VALUE-BASED MEMBERSHIP INFERENCE ATTACK ON ACTOR-CRITIC REINFORCEMENT LEARNING

Abstract

In actor-critic reinforcement learning (RL), the so-called actor and critic, respectively, compute candidate policies and a value function that evaluates the candidate policies. Such RL algorithms may be vulnerable to membership inference attacks (MIAs), a privacy attack that infers the data membership, i.e., whether a specific data record belongs to the training dataset.

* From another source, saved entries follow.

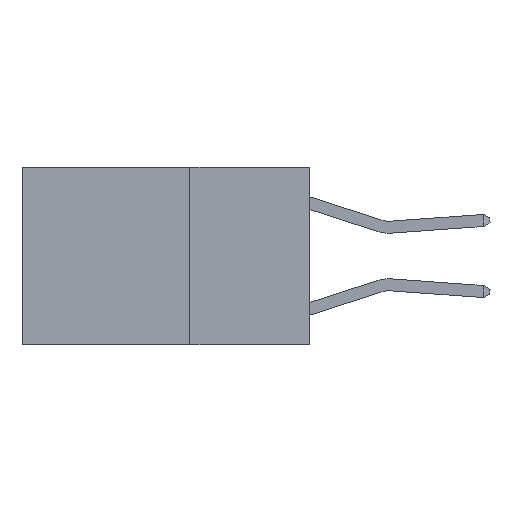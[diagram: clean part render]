
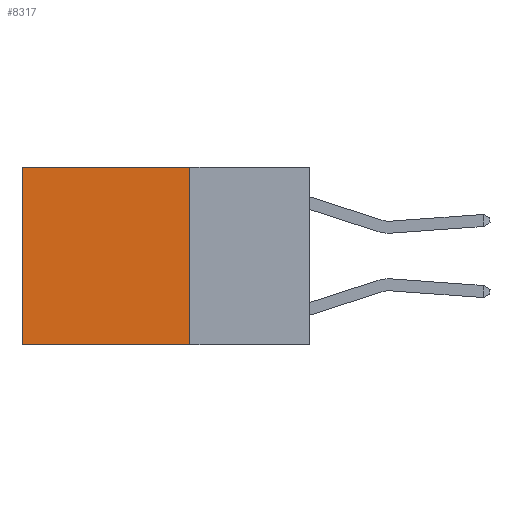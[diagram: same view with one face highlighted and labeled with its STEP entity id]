
A CAD part, left-side view. The second image highlights one B-rep face of the part: STEP entity #8317.
In plain terms, the highlighted planar face has unit normal (-1, 0, 0).
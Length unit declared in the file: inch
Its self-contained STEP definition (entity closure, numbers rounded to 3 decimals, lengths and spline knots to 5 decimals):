
#186 = VECTOR ( 'NONE', #3270, 39.37008 ) ;
#244 = EDGE_CURVE ( 'NONE', #795, #6283, #3883, .T. ) ;
#258 = VECTOR ( 'NONE', #5557, 39.37008 ) ;
#786 = ORIENTED_EDGE ( 'NONE', *, *, #1535, .T. ) ;
#795 = VERTEX_POINT ( 'NONE', #9383 ) ;
#1535 = EDGE_CURVE ( 'NONE', #5367, #7831, #2617, .T. ) ;
#1795 = DIRECTION ( 'NONE',  ( 0., 0., -1. ) ) ;
#1899 = CARTESIAN_POINT ( 'NONE',  ( 0.2625, 0.25, 0. ) ) ;
#2447 = EDGE_CURVE ( 'NONE', #5367, #795, #8452, .T. ) ;
#2617 = LINE ( 'NONE', #9741, #6457 ) ;
#2671 = DIRECTION ( 'NONE',  ( 0., 0., -1. ) ) ;
#3259 = CARTESIAN_POINT ( 'NONE',  ( 0.2625, 0.25, -0.37 ) ) ;
#3270 = DIRECTION ( 'NONE',  ( 0., 1., 0. ) ) ;
#3607 = AXIS2_PLACEMENT_3D ( 'NONE', #1899, #7237, #2671 ) ;
#3883 = LINE ( 'NONE', #3259, #186 ) ;
#4866 = ORIENTED_EDGE ( 'NONE', *, *, #244, .F. ) ;
#4883 = CARTESIAN_POINT ( 'NONE',  ( 0.2625, 0.6, 0. ) ) ;
#4897 = FACE_OUTER_BOUND ( 'NONE', #7613, .T. ) ;
#5265 = DIRECTION ( 'NONE',  ( 0., 1., 0. ) ) ;
#5367 = VERTEX_POINT ( 'NONE', #8886 ) ;
#5370 = VECTOR ( 'NONE', #1795, 39.37008 ) ;
#5443 = CARTESIAN_POINT ( 'NONE',  ( 0.2625, 0.6, -0.37 ) ) ;
#5557 = DIRECTION ( 'NONE',  ( 0., 0., -1. ) ) ;
#5850 = CARTESIAN_POINT ( 'NONE',  ( 0.2625, 0.6, 0. ) ) ;
#6283 = VERTEX_POINT ( 'NONE', #5443 ) ;
#6456 = ORIENTED_EDGE ( 'NONE', *, *, #8251, .T. ) ;
#6457 = VECTOR ( 'NONE', #5265, 39.37008 ) ;
#6495 = PLANE ( 'NONE',  #3607 ) ;
#7237 = DIRECTION ( 'NONE',  ( 1., 0., 0. ) ) ;
#7349 = LINE ( 'NONE', #4883, #5370 ) ;
#7613 = EDGE_LOOP ( 'NONE', ( #6456, #4866, #8772, #786 ) ) ;
#7831 = VERTEX_POINT ( 'NONE', #5850 ) ;
#8251 = EDGE_CURVE ( 'NONE', #7831, #6283, #7349, .T. ) ;
#8317 = ADVANCED_FACE ( 'NONE', ( #4897 ), #6495, .F. ) ;
#8452 = LINE ( 'NONE', #9288, #258 ) ;
#8772 = ORIENTED_EDGE ( 'NONE', *, *, #2447, .F. ) ;
#8886 = CARTESIAN_POINT ( 'NONE',  ( 0.2625, 0.25, 0. ) ) ;
#9288 = CARTESIAN_POINT ( 'NONE',  ( 0.2625, 0.25, 0. ) ) ;
#9383 = CARTESIAN_POINT ( 'NONE',  ( 0.2625, 0.25, -0.37 ) ) ;
#9741 = CARTESIAN_POINT ( 'NONE',  ( 0.2625, 0.25, 0. ) ) ;

We investigate the vulnerability of value function in actor-critic to MIAs. We develop CriticAttack, a new MIA that targets black-box RL agents by examining the correlation between the expected reward and the value function. We empirically show that CriticAttack can correctly infer approximately 90% of the training data membership, i.e., it achieves 90% attack accuracy. Such accuracy is far beyond the 50% random guessing accuracy, indicating a severe privacy vulnerability of the value function. To defend against CriticAttack, we design a method called Crit-icDefense that inserts uniform noise to the value function. CriticDefense can reduce the attack accuracy to 60% without significantly affecting the agent's performance.

1. INTRODUCTION

Membership inference attacks (MIAs) pose privacy vulnerabilities in reinforcement learning (RL) algorithms (Gomrokchi et al., 2020) . Such attacks may make inferences about the training environments-whether a particular environment has been used in training-by observing the outcomes of an RL algorithm. Most, if not all, existing methods for MIA suffer from high computational complexity or make unrealistic assumptions. For example, the methods in Pan et al. (2019) and Yang et al. (2021) rely on observing the learned policies. Both methods are computationally inefficient because they need to learn separate policies for each environment the attacker wants to infer. The methods in Gomrokchi et al. (2021; 2020) do not require learning additional policies for different environments, but assume that the attacker has full access to the RL algorithm, including the states, transitions, actions, and rewards on which the algorithm relies. We propose a new black-box MIA called CriticAttack that alleviates the computational burden and relaxes the unrealistic assumptions made in the existing works. CriticAttack trains one set of policies for all environments, as opposed to training one set of policies per environment (e.g., Yang et al. ( 2021)). It makes inferences only based on the values generated by the value function and the expected rewards, in contrast to the states, transitions, actions, and rewards required by the existing work (e.g., Gomrokchi et al. (2021) ). We empirically show that CriticAttack can achieve 90% accuracy in inferring environments from the MiniGrid library (Chevalier-Boisvert et al., 2018) . We perform the MIA on a state-of-the-art actor-critic RL algorithm (Schulman et al., 2017) . The actor-critic algorithm trains two components: an actor and a critic. The actor generates policies that determine an RL agent's actions. The critic learns a value function that evaluates the policies by predicting the expected rewards, also known as rewards-to-go. The actor and the critic typically memorize their training environments (Haarnoja et al., 2018; Raichuk et al., 2021) . Hence, we expect a high correlation between the values and the expected rewards from a training environment. On multiple RL tasks, CriticAttack achieves 90% attack accuracy, significantly higher than the 50% random guessing accuracy.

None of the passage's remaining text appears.